Regarding one of them...once when I was at the gym on the elliptical (wearing my usual spandex workout capris) and was ideal weight, I spied a young guy behind me through his reflection in the window.  He could not take his eyes off my butt as it flexed on the machine. When I finished the machine and turned around....the look on his face was priceless!


----------



## Glinda (Apr 6, 2015)

Yes, many of these sound very familiar.  But # 12 has me puzzled - about doing up your bra in front and "swizzling" it around.  Huh?  I've always done it that way.  Seems very awkward to do it the other way.


----------



## Josiah (Apr 6, 2015)

Glinda said:


> Yes, many of these sound very familiar.  But # 12 has me puzzled - about doing up your bra in front and "swizzling" it around.  Huh?  I've always done it that way.  Seems very awkward to do it the other way.
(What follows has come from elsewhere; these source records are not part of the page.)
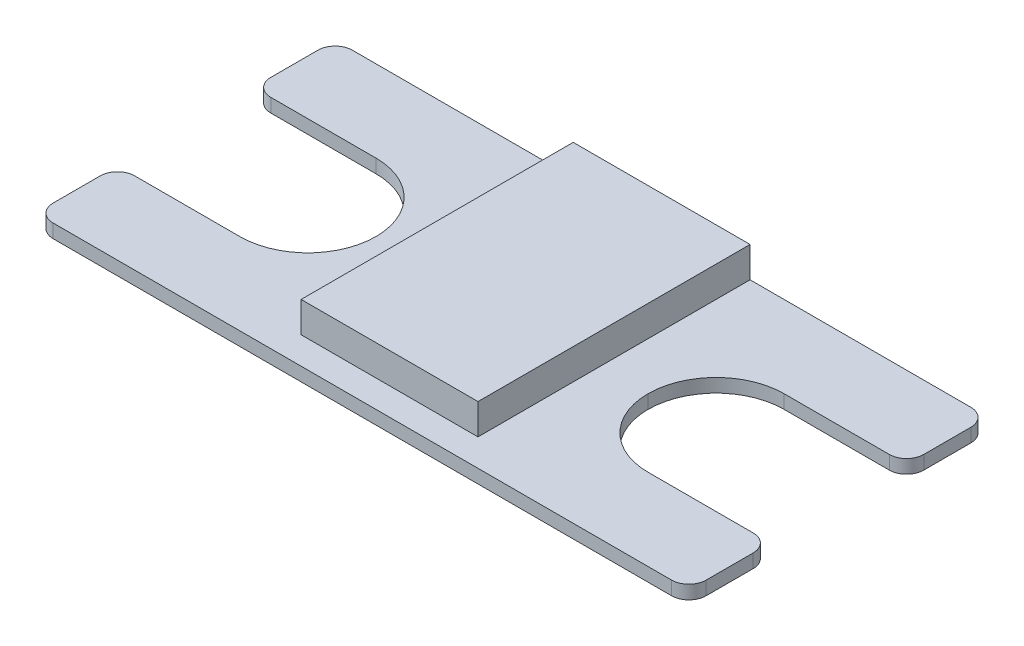
ISO-10303-21;
HEADER;
FILE_DESCRIPTION(('STEP AP214'),'2;1');
FILE_NAME('part.step','',(''),(''),'','','');
FILE_SCHEMA(('AUTOMOTIVE_DESIGN { 1 0 10303 214 1 1 1 1 }'));
ENDSEC;
DATA;
#1=APPLICATION_CONTEXT('core data for automotive mechanical design processes');
#2=APPLICATION_PROTOCOL_DEFINITION('international standard','automotive_design',2000,#1);
#3=PRODUCT_CONTEXT('',#1,'mechanical');
#4=PRODUCT('Part','Part','',(#3));
#5=PRODUCT_RELATED_PRODUCT_CATEGORY('part','',(#4));
#6=PRODUCT_DEFINITION_FORMATION('','',#4);
#7=PRODUCT_DEFINITION_CONTEXT('part definition',#1,'design');
#8=PRODUCT_DEFINITION('design','',#6,#7);
#9=PRODUCT_DEFINITION_SHAPE('','',#8);
#10=(LENGTH_UNIT() NAMED_UNIT(*) SI_UNIT(.MILLI.,.METRE.));
#11=(NAMED_UNIT(*) PLANE_ANGLE_UNIT() SI_UNIT($,.RADIAN.));
#12=(NAMED_UNIT(*) SI_UNIT($,.STERADIAN.) SOLID_ANGLE_UNIT());
#13=UNCERTAINTY_MEASURE_WITH_UNIT(LENGTH_MEASURE(1.E-05),#10,'distance_accuracy_value','');
#14=(GEOMETRIC_REPRESENTATION_CONTEXT(3) GLOBAL_UNCERTAINTY_ASSIGNED_CONTEXT((#13)) GLOBAL_UNIT_ASSIGNED_CONTEXT((#10,
#11,#12)) REPRESENTATION_CONTEXT('',''));
#15=CARTESIAN_POINT('',(0.,0.,0.));
#16=DIRECTION('',(0.,0.,1.));
#17=DIRECTION('',(1.,0.,0.));
#18=AXIS2_PLACEMENT_3D('',#15,#16,#17);
#19=CARTESIAN_POINT('',(0.,1.,0.));
#20=DIRECTION('',(0.,-1.,0.));
#21=DIRECTION('',(0.,0.,-1.));
#22=AXIS2_PLACEMENT_3D('',#19,#20,#21);
#23=PLANE('',#22);
#24=DIRECTION('',(0.,0.,1.));
#25=VECTOR('',#24,1.);
#26=CARTESIAN_POINT('',(17.5,1.,-22.));
#27=LINE('',#26,#25);
#28=CARTESIAN_POINT('',(17.5,1.,-22.));
#29=VERTEX_POINT('',#28);
#30=CARTESIAN_POINT('',(17.5,1.,-2.00000000000001));
#31=VERTEX_POINT('',#30);
#32=EDGE_CURVE('E62',#29,#31,#27,.T.);
#33=ORIENTED_EDGE('',*,*,#32,.F.);
#34=DIRECTION('',(-1.,0.,0.));
#35=VECTOR('',#34,1.);
#36=CARTESIAN_POINT('',(0.,1.,-22.));
#37=LINE('',#36,#35);
#38=CARTESIAN_POINT('',(1.27,1.,-22.));
#39=VERTEX_POINT('',#38);
#40=EDGE_CURVE('E266',#29,#39,#37,.T.);
#41=ORIENTED_EDGE('',*,*,#40,.T.);
#42=CARTESIAN_POINT('',(1.27,1.,-20.73));
#43=DIRECTION('',(0.,-1.,0.));
#44=DIRECTION('',(0.,0.,-1.));
#45=AXIS2_PLACEMENT_3D('',#42,#43,#44);
#46=CIRCLE('',#45,1.27);
#47=CARTESIAN_POINT('',(0.,1.,-20.73));
#48=VERTEX_POINT('',#47);
#49=EDGE_CURVE('E371',#39,#48,#46,.F.);
#50=ORIENTED_EDGE('',*,*,#49,.T.);
#51=DIRECTION('',(0.,0.,1.));
#52=VECTOR('',#51,1.);
#53=CARTESIAN_POINT('',(0.,1.,-16.));
#54=LINE('',#53,#52);
#55=CARTESIAN_POINT('',(0.,1.,-17.27));
#56=VERTEX_POINT('',#55);
#57=EDGE_CURVE('E270',#48,#56,#54,.T.);
#58=ORIENTED_EDGE('',*,*,#57,.T.);
#59=CARTESIAN_POINT('',(1.27,1.,-17.27));
#60=DIRECTION('',(0.,-1.,0.));
#61=DIRECTION('',(0.,0.,-1.));
#62=AXIS2_PLACEMENT_3D('',#59,#60,#61);
#63=CIRCLE('',#62,1.27);
#64=CARTESIAN_POINT('',(1.27,1.,-16.));
#65=VERTEX_POINT('',#64);
#66=EDGE_CURVE('E368',#56,#65,#63,.F.);
#67=ORIENTED_EDGE('',*,*,#66,.T.);
#68=DIRECTION('',(1.,0.,0.));
#69=VECTOR('',#68,1.);
#70=CARTESIAN_POINT('',(14.,1.,-16.));
#71=LINE('',#70,#69);
#72=CARTESIAN_POINT('',(9.,1.,-16.));
#73=VERTEX_POINT('',#72);
#74=EDGE_CURVE('E274',#65,#73,#71,.T.);
#75=ORIENTED_EDGE('',*,*,#74,.T.);
#76=CARTESIAN_POINT('',(9.,1.,-11.));
#77=DIRECTION('',(0.,-1.,0.));
#78=DIRECTION('',(0.,0.,-1.));
#79=AXIS2_PLACEMENT_3D('',#76,#77,#78);
#80=CIRCLE('',#79,5.);
#81=CARTESIAN_POINT('',(14.,1.,-11.));
#82=VERTEX_POINT('',#81);
#83=EDGE_CURVE('E11',#73,#82,#80,.T.);
#84=ORIENTED_EDGE('',*,*,#83,.T.);
#85=CARTESIAN_POINT('',(9.,1.,-11.));
#86=DIRECTION('',(0.,-1.,0.));
#87=DIRECTION('',(0.,0.,-1.));
#88=AXIS2_PLACEMENT_3D('',#85,#86,#87);
#89=CIRCLE('',#88,5.);
#90=CARTESIAN_POINT('',(8.99999999999999,1.,-6.));
#91=VERTEX_POINT('',#90);
#92=EDGE_CURVE('E460',#82,#91,#89,.T.);
#93=ORIENTED_EDGE('',*,*,#92,.T.);
#94=DIRECTION('',(-1.,0.,0.));
#95=VECTOR('',#94,1.);
#96=CARTESIAN_POINT('',(0.,1.,-6.));
#97=LINE('',#96,#95);
#98=CARTESIAN_POINT('',(1.27,1.,-6.));
#99=VERTEX_POINT('',#98);
#100=EDGE_CURVE('E278',#91,#99,#97,.T.);
#101=ORIENTED_EDGE('',*,*,#100,.T.);
#102=CARTESIAN_POINT('',(1.27,1.,-4.73));
#103=DIRECTION('',(0.,-1.,0.));
#104=DIRECTION('',(0.,0.,-1.));
#105=AXIS2_PLACEMENT_3D('',#102,#103,#104);
#106=CIRCLE('',#105,1.27);
#107=CARTESIAN_POINT('',(0.,1.,-4.73));
#108=VERTEX_POINT('',#107);
#109=EDGE_CURVE('E365',#99,#108,#106,.F.);
#110=ORIENTED_EDGE('',*,*,#109,.T.);
#111=DIRECTION('',(0.,0.,1.));
#112=VECTOR('',#111,1.);
#113=CARTESIAN_POINT('',(0.,1.,0.));
#114=LINE('',#113,#112);
#115=CARTESIAN_POINT('',(0.,1.,-1.27));
#116=VERTEX_POINT('',#115);
#117=EDGE_CURVE('E281',#108,#116,#114,.T.);
#118=ORIENTED_EDGE('',*,*,#117,.T.);
#119=CARTESIAN_POINT('',(1.27,1.,-1.27));
#120=DIRECTION('',(0.,-1.,0.));
#121=DIRECTION('',(0.,0.,-1.));
#122=AXIS2_PLACEMENT_3D('',#119,#120,#121);
#123=CIRCLE('',#122,1.27);
#124=CARTESIAN_POINT('',(1.27,1.,0.));
#125=VERTEX_POINT('',#124);
#126=EDGE_CURVE('E362',#116,#125,#123,.F.);
#127=ORIENTED_EDGE('',*,*,#126,.T.);
#128=DIRECTION('',(1.,0.,0.));
#129=VECTOR('',#128,1.);
#130=CARTESIAN_POINT('',(48.,1.,0.));
#131=LINE('',#130,#129);
#132=CARTESIAN_POINT('',(46.73,1.,0.));
#133=VERTEX_POINT('',#132);
#134=EDGE_CURVE('E246',#125,#133,#131,.T.);
#135=ORIENTED_EDGE('',*,*,#134,.T.);
#136=CARTESIAN_POINT('',(46.73,1.,-1.26999999999997));
#137=DIRECTION('',(0.,-1.,0.));
#138=DIRECTION('',(0.,0.,-1.));
#139=AXIS2_PLACEMENT_3D('',#136,#137,#138);
#140=CIRCLE('',#139,1.27);
#141=CARTESIAN_POINT('',(48.,1.,-1.26999999999997));
#142=VERTEX_POINT('',#141);
#143=EDGE_CURVE('E383',#133,#142,#140,.F.);
#144=ORIENTED_EDGE('',*,*,#143,.T.);
#145=DIRECTION('',(0.,0.,-1.));
#146=VECTOR('',#145,1.);
#147=CARTESIAN_POINT('',(48.,1.,-6.));
#148=LINE('',#147,#146);
#149=CARTESIAN_POINT('',(48.,1.,-4.73));
#150=VERTEX_POINT('',#149);
#151=EDGE_CURVE('E250',#142,#150,#148,.T.);
#152=ORIENTED_EDGE('',*,*,#151,.T.);
#153=CARTESIAN_POINT('',(46.73,1.,-4.73));
#154=DIRECTION('',(0.,-1.,0.));
#155=DIRECTION('',(0.,0.,-1.));
#156=AXIS2_PLACEMENT_3D('',#153,#154,#155);
#157=CIRCLE('',#156,1.27);
#158=CARTESIAN_POINT('',(46.73,1.,-6.));
#159=VERTEX_POINT('',#158);
#160=EDGE_CURVE('E380',#150,#159,#157,.F.);
#161=ORIENTED_EDGE('',*,*,#160,.T.);
#162=DIRECTION('',(-1.,0.,0.));
#163=VECTOR('',#162,1.);
#164=CARTESIAN_POINT('',(34.,1.,-6.));
#165=LINE('',#164,#163);
#166=CARTESIAN_POINT('',(39.,1.,-6.));
#167=VERTEX_POINT('',#166);
#168=EDGE_CURVE('E255',#159,#167,#165,.T.);
#169=ORIENTED_EDGE('',*,*,#168,.T.);
#170=CARTESIAN_POINT('',(39.,1.,-11.));
#171=DIRECTION('',(0.,-1.,0.));
#172=DIRECTION('',(0.,0.,-1.));
#173=AXIS2_PLACEMENT_3D('',#170,#171,#172);
#174=CIRCLE('',#173,5.);
#175=CARTESIAN_POINT('',(34.,1.,-11.));
#176=VERTEX_POINT('',#175);
#177=EDGE_CURVE('E448',#167,#176,#174,.T.);
#178=ORIENTED_EDGE('',*,*,#177,.T.);
#179=CARTESIAN_POINT('',(39.,1.,-11.));
#180=DIRECTION('',(0.,-1.,0.));
#181=DIRECTION('',(0.,0.,-1.));
#182=AXIS2_PLACEMENT_3D('',#179,#180,#181);
#183=CIRCLE('',#182,5.);
#184=CARTESIAN_POINT('',(39.,1.,-16.));
#185=VERTEX_POINT('',#184);
#186=EDGE_CURVE('E454',#176,#185,#183,.T.);
#187=ORIENTED_EDGE('',*,*,#186,.T.);
#188=DIRECTION('',(1.,0.,0.));
#189=VECTOR('',#188,1.);
#190=CARTESIAN_POINT('',(48.,1.,-16.));
#191=LINE('',#190,#189);
#192=CARTESIAN_POINT('',(46.73,1.,-16.));
#193=VERTEX_POINT('',#192);
#194=EDGE_CURVE('E259',#185,#193,#191,.T.);
#195=ORIENTED_EDGE('',*,*,#194,.T.);
#196=CARTESIAN_POINT('',(46.73,1.,-17.27));
#197=DIRECTION('',(0.,-1.,0.));
#198=DIRECTION('',(0.,0.,-1.));
#199=AXIS2_PLACEMENT_3D('',#196,#197,#198);
#200=CIRCLE('',#199,1.27);
#201=CARTESIAN_POINT('',(48.,1.,-17.27));
#202=VERTEX_POINT('',#201);
#203=EDGE_CURVE('E377',#193,#202,#200,.F.);
#204=ORIENTED_EDGE('',*,*,#203,.T.);
#205=DIRECTION('',(0.,0.,-1.));
#206=VECTOR('',#205,1.);
#207=CARTESIAN_POINT('',(48.,1.,-22.));
#208=LINE('',#207,#206);
#209=CARTESIAN_POINT('',(48.,1.,-20.73));
#210=VERTEX_POINT('',#209);
#211=EDGE_CURVE('E262',#202,#210,#208,.T.);
#212=ORIENTED_EDGE('',*,*,#211,.T.);
#213=CARTESIAN_POINT('',(46.73,1.,-20.73));
#214=DIRECTION('',(0.,-1.,0.));
#215=DIRECTION('',(0.,0.,-1.));
#216=AXIS2_PLACEMENT_3D('',#213,#214,#215);
#217=CIRCLE('',#216,1.27);
#218=CARTESIAN_POINT('',(46.73,1.,-22.));
#219=VERTEX_POINT('',#218);
#220=EDGE_CURVE('E374',#210,#219,#217,.F.);
#221=ORIENTED_EDGE('',*,*,#220,.T.);
#222=CARTESIAN_POINT('',(30.5,1.,-22.));
#223=VERTEX_POINT('',#222);
#224=EDGE_CURVE('E267',#219,#223,#37,.T.);
#225=ORIENTED_EDGE('',*,*,#224,.T.);
#226=DIRECTION('',(0.,0.,-1.));
#227=VECTOR('',#226,1.);
#228=CARTESIAN_POINT('',(30.5,1.,-22.));
#229=LINE('',#228,#227);
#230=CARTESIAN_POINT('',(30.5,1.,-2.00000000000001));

A sight I never tired of watching. I don't me watching you Glinda.


----------



## Ralphy1 (Apr 6, 2015)

A video would help as I have trouble with my bro...


----------



## Ameriscot (Apr 6, 2015)

Glinda said:


> Yes, many of these sound very familiar.  But # 12 has me puzzled - about doing up your bra in front and "swizzling" it around.  Huh?  I've always done it that way.  Seems very awkward to do it the other way.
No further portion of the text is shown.